El metafísico del teatro
Jorge Dubatti
La conexión argentina con Antonin Artaud constituye una historia demasiado rica como para sintetizarla en breve espacio. Se inicia tempranamente, con la labor de los primeros surrealistas argentinos (Aldo Pellegrini, entre ellos) a finales de los años 20. En 1932 la revista Sur publica el ensayo El teatro alquímico, más tarde recogido por Artaud en El teatro y su doble (1938).
La primera traducción al castellano del texto integral de El teatro y su doble se concretó en Buenos Aires, en diciembre de 1964, por Editorial Sudamericana, firmada por Enrique Alonso y Francisco Abelenda (seudónimo de Francisco “Paco” Porrúa). La contratapa era tan elocuente que sin duda debió mover un amplio público, y no solo del campo teatral: “Una famosa colección de ensayos que descubre la urgente necesidad de una profunda y total revolución en el teatro occidental moderno. ‘El teatro y su doble –escribió Jean Louis Barrault– es sin comparación posible lo más importante que se haya escrito sobre teatro en el siglo XX… Es necesario leerlo y releerlo. Artaud es el metafísico del teatro’”. Un joven Eduardo “Tato” Pavlovsky se devora el libro y lo cita varias veces en su ensayo Algunos conceptos sobre el teatro de vanguardia (prólogo de su Teatro de vanguardia II, 1967).

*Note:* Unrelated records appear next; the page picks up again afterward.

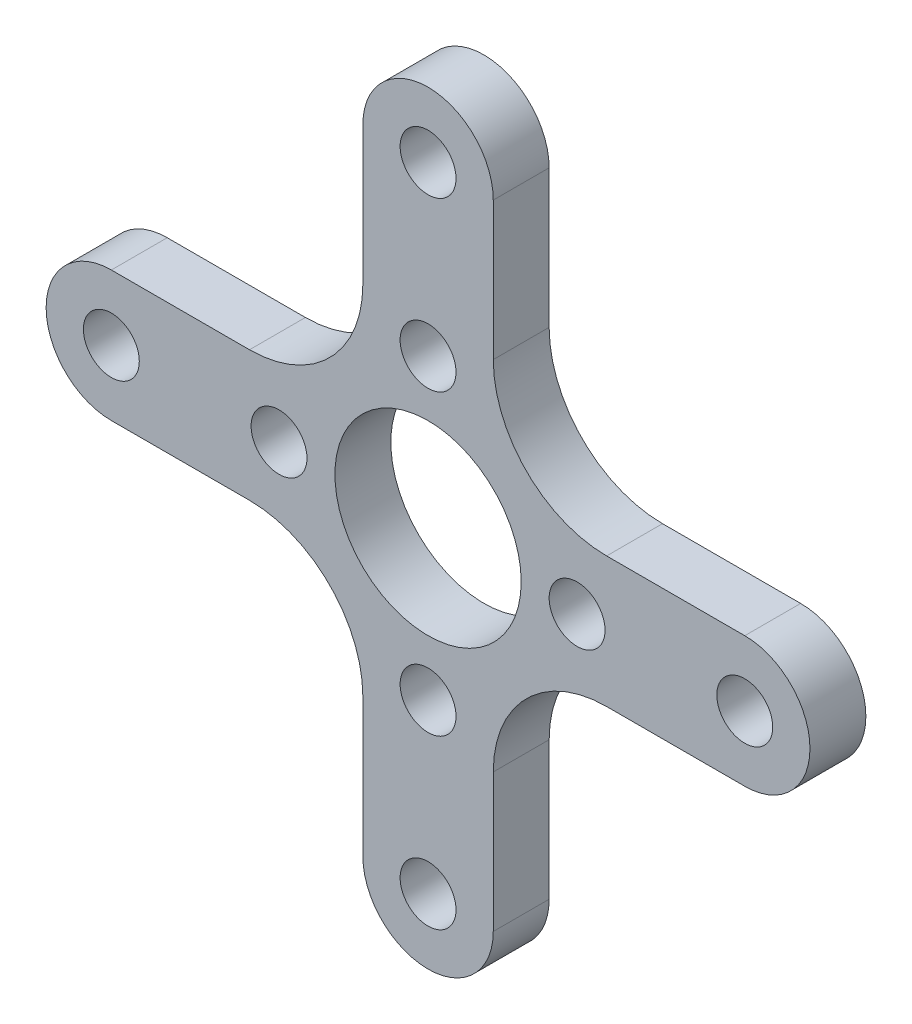
SolidWorks part; units mm, degrees
ref_plane "Front" through (0, 0, 0) normal (0, 0, 1) x (1, 0, 0)
ref_plane "Top" through (0, 0, 0) normal (0, 1, 0) x (1, 0, 0)
ref_plane "Right" through (0, 0, 0) normal (1, 0, 0) x (0, 0, -1)
sketch "Sketch1" plane through (0, 0, 0) normal (0, 0, 1) x (1, 0, 0)
  line L0 (0, 5) -> (0, 79.024) construction
  line L1 (-3.5, 9.5844) -> (-3.5, 17)
  line L4 (3.5, 9.5844) -> (3.5, 17)
  line L5 (9.5844, 3.5) -> (17, 3.5)
  line L6 (9.5844, -3.5) -> (17, -3.5)
  line L7 (3.5, -9.5844) -> (3.5, -17)
  line L8 (-3.5, -9.5844) -> (-3.5, -17)
  line L9 (-9.5844, -3.5) -> (-17, -3.5)
  line L10 (-9.5844, 3.5) -> (-17, 3.5)
  line L11 (0, 0) -> (-7.6225, 7.6225) construction
  line L12 (0, 0) -> (-8.2717, 0) construction
  line L13 (0, 0) -> (17, 0) construction
  circle A0 centre (0, 0) radius 5
  arc A3 (-3.5, 17) -> (3.5, 17) centre (0, 17) cw
  arc A4 (17, 3.5) -> (17, -3.5) centre (17, 0) cw
  arc A5 (3.5, -17) -> (-3.5, -17) centre (0, -17) cw
  arc A6 (-17, -3.5) -> (-17, 3.5) centre (-17, 0) cw
  arc A7 (-9.5844, 3.5) -> (-3.5, 9.5844) centre (-9.5844, 9.5844) ccw
  arc A8 (3.5, 9.5844) -> (9.5844, 3.5) centre (9.5844, 9.5844) ccw
  arc A9 (9.5844, -3.5) -> (3.5, -9.5844) centre (9.5844, -9.5844) ccw
  arc A10 (-3.5, -9.5844) -> (-9.5844, -3.5) centre (-9.5844, -9.5844) ccw
  circle A11 centre (8, 0) radius 1.5
  circle A12 centre (17, 0) radius 1.5
  point P9 (0, 20.5)
  point P11 (0, -20.5)
  point P12 (-3.5355, 3.5355)
  point P18 (18.5, 0)
  point P20 (20.5, 0)
  point P23 (15.5, 0)
  point P25 (9.5, 0)
  point P28 (0, 0)
  point P34 (-5.2821, 5.2821)
  point P47 (0, 0)
  dimension "D1" = 41
  dimension "D2" = 10
  dimension "D3" = 45
  dimension "D4" = 2.47
  dimension "D8" = 2
  dimension "D9" = 3
  dimension "D11" = 3
  dimension "D7" = 7
  dimension "D10" = 6
  dimension "D5" = 4
  dimension "D6" = 4
extrude "Boss-Extrude1" add sketch "Sketch1" along normal blind 3
sketch "Sketch2" plane through (0, 0, 3) normal (0, 0, 1) x (1, 0, 0)
  line L0 (0, 0) -> (8, 0) construction
  circle A0 centre (17, 0) radius 1.5 construction
  circle A1 centre (8, 0) radius 1.5 construction
  circle A2 centre (17, 0) radius 1.5
  circle A3 centre (8, 0) radius 1.5
  circle A4 centre (0, -8) radius 1.5
  circle A5 centre (0, -17) radius 1.5
  circle A6 centre (-8, 0) radius 1.5
  circle A7 centre (-17, 0) radius 1.5
  circle A8 centre (0, 8) radius 1.5
  circle A9 centre (0, 17) radius 1.5
  dimension "D1" = 8
extrude "Cut-Extrude1" cut sketch "Sketch2" against normal blind 3

Pavlovsky dice que persigue “la búsqueda de una realidad total”, y que si bien esto “puede dar una imagen confusa en un primer momento, es una distinta manera de apreciar nuestra realidad circundante en forma pluridimensional. Experiencia total, realidad total, búsqueda de distintas dimensiones, dice Artaud”. Rubén de León, protagonista de la movida teatral del Instituto Di Tella y de la renovación en los 60 y 70, escribe: “Antonin Artaud hubo uno solo. Pero hay un Artaud para cada uno de nosotros. Nuestra experiencia nos condujo al ‘callejón sin salida’ de vida y obra llamado Artaud. Sus principios fueron las armas que utilizamos para defender nuestros descubrimientos”. En ese contexto Alberto Cousté compone y dirige Artaud 66 y Antología del Teatro de la Crueldad con el grupo Teatro de la Peste.
En 1971 se publica Textos, de Artaud, con traducciones de Alejandra Pizarnik y Antonio López Crespo (Editorial Aquarius). Pizarnik suma un prólogo luminoso, donde se lee: “Aquella afirmación de Hölderlin de que ‘la poesía es un juego peligroso’ tiene su equivalente real en algunos sacrificios célebres: el sufrimiento de Baudelaire, el suicidio de Nerval, el precoz silencio de Rimbaud, la misteriosa y fugaz presencia de Lautréamont, la vida y la obra de Artaud... Estos poetas, y unos pocos más, tienen en común el haber anulado –o querido anular– la distancia que la sociedad obliga a establecer entre la poesía y la vida”. Pizarnik afirma: “Hay una palabra que Artaud reitera a lo largo de sus escritos: eficacia. Ella se relaciona estrechamente con su necesidad de metafísica en actividad, y usada por Artaud quiere decir que el arte –o la cultura en general– ha de ser eficaz en la misma manera en que nos es eficaz el aparato respiratorio”.
Otro momento radiante acontece en 1973 con Artaud, el disco de Pescado Rabioso/Luis Alberto Spinetta, quien reflexionó: “Yo le dediqué ese disco a Artaud pero en ningún momento tomé sus obras como punto de partida. El disco fue una respuesta –insignificante tal vez– al sufrimiento que te acarrea leer sus obras”.
A través de los años Editorial Argonauta dio a conocer numerosas traducciones de sus textos: Carta a los poderes, Heliogábalo o el anarquista coronado, Van Gogh el suicidado por la sociedad, o la selección de poemas en la magnífica Antología de la poesía surrealista de Aldo Pellegrini.
Están en Buenos Aires los discos originales en los que Artaud grabó en París, en 1946, Para acabar con el juicio de Dios. Los trajo a la Argentina Juan Andralis, y gracias a su hijo Pablo se los pudo escuchar en una desbordada Sala Batato Barea en el encuentro sobre Artaud que organizamos en el Centro Cultural Rojas en 2002. De distintas maneras, Artaud está cada vez más presente en la cultura argentina.